Please copy exactly the lines from the top of the data through the line containing "#1=APPLICATION_CONTEXT('core data for", and nothing else.

(Source records)
▼

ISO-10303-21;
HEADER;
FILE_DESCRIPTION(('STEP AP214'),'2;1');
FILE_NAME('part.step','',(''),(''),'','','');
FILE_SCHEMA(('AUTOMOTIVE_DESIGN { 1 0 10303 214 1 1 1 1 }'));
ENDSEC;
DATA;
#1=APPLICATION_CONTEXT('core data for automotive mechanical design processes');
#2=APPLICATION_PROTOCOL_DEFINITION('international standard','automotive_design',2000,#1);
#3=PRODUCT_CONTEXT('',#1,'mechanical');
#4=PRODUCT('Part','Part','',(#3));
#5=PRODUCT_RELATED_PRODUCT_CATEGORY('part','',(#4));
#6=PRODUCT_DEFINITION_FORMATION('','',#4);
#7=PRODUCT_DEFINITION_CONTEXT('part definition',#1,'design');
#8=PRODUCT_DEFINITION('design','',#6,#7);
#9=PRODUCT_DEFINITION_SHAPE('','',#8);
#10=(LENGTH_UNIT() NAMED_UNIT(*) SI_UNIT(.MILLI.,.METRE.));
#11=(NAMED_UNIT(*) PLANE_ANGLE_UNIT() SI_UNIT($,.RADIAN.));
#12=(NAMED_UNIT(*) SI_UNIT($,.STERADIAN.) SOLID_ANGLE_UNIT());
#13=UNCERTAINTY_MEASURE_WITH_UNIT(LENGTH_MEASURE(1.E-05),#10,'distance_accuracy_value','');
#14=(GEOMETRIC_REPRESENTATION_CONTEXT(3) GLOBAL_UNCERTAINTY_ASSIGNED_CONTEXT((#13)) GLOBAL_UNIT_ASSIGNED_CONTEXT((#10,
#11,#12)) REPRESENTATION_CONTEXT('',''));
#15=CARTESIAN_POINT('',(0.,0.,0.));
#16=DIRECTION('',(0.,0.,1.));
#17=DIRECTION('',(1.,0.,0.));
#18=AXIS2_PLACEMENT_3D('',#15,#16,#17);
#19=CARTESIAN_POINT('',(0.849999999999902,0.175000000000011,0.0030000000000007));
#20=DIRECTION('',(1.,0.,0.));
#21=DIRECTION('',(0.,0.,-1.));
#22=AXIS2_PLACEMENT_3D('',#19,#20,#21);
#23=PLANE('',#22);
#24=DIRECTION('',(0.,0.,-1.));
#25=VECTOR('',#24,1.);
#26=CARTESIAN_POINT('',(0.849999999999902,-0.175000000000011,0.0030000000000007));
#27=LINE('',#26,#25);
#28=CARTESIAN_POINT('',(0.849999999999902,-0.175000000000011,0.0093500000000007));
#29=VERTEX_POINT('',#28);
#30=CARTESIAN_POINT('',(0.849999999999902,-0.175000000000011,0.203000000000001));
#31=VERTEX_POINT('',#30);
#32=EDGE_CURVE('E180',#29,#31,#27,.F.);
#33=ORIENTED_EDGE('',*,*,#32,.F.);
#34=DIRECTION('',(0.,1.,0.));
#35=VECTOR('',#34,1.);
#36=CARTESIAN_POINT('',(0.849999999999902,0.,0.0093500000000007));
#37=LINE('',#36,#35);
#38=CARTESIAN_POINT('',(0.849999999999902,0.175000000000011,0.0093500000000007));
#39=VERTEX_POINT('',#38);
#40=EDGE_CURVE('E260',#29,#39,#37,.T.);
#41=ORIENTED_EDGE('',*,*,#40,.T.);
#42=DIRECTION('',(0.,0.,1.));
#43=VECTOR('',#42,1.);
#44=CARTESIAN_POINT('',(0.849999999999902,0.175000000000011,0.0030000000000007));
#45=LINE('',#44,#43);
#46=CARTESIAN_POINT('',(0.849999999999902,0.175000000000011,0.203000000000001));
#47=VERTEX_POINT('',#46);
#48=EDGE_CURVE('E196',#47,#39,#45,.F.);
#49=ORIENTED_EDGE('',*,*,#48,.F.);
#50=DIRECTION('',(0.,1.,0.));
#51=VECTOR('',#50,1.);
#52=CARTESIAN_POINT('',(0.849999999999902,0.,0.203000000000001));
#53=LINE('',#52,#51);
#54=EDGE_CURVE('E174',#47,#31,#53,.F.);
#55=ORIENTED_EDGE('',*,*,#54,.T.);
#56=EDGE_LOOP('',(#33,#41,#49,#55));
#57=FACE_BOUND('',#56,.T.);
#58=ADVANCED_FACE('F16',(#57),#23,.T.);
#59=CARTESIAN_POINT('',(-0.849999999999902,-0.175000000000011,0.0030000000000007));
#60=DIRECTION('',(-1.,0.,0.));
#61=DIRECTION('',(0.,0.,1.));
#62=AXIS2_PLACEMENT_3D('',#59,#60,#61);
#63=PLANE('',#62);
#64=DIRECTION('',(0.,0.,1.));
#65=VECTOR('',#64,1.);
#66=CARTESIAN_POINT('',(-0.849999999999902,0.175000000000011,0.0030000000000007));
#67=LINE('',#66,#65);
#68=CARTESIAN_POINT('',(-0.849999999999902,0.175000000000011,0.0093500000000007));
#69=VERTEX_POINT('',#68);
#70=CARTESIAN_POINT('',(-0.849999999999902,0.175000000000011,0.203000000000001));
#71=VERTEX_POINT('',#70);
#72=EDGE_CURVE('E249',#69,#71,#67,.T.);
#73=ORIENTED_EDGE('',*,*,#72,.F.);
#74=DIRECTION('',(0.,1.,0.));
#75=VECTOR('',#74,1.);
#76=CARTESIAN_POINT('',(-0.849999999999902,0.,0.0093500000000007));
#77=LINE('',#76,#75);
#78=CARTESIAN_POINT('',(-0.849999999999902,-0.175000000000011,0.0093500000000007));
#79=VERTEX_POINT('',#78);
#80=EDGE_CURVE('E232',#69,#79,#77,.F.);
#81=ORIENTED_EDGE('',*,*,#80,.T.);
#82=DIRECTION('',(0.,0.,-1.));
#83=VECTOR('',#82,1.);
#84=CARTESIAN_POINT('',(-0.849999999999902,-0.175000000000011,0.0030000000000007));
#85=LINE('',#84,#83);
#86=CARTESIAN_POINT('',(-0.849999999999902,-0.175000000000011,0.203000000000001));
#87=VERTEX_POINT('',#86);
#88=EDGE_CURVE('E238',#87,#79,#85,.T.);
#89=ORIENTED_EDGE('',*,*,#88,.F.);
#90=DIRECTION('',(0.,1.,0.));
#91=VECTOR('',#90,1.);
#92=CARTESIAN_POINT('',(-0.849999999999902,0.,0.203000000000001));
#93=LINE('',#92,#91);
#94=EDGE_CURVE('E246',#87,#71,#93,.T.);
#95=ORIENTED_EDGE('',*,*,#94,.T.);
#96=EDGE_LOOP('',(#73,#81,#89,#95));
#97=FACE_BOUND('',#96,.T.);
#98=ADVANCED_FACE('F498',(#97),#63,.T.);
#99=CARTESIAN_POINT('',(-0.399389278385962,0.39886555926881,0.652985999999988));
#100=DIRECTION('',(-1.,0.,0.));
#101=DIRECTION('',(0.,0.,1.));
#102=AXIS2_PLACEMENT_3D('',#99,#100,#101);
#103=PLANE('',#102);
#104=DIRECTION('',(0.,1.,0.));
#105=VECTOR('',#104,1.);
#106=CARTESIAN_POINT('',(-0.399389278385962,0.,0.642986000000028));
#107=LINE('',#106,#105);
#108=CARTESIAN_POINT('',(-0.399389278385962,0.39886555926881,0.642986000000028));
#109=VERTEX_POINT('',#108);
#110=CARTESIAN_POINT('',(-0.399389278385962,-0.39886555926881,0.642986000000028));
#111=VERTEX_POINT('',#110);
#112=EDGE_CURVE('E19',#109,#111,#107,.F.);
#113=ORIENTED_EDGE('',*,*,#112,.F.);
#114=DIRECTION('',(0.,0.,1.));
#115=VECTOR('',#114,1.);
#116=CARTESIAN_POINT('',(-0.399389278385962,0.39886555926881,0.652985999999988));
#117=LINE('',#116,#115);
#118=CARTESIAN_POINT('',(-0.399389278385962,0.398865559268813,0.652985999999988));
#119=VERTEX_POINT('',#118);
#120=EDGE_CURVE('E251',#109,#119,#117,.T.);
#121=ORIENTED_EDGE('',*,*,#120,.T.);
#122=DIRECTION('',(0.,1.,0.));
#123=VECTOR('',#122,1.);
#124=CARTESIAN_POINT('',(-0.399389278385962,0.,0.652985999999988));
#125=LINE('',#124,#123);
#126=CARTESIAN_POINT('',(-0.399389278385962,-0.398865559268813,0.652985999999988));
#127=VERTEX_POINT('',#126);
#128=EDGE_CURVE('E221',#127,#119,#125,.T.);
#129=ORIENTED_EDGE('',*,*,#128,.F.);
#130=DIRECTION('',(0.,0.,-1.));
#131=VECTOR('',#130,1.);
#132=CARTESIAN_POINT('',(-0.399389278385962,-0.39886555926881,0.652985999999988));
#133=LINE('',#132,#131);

▲

#### EXERCISE OUTPUT:
ISO-10303-21;
HEADER;
FILE_DESCRIPTION(('STEP AP214'),'2;1');
FILE_NAME('part.step','',(''),(''),'','','');
FILE_SCHEMA(('AUTOMOTIVE_DESIGN { 1 0 10303 214 1 1 1 1 }'));
ENDSEC;
DATA;
#1=APPLICATION_CONTEXT('core data for automotive mechanical design processes');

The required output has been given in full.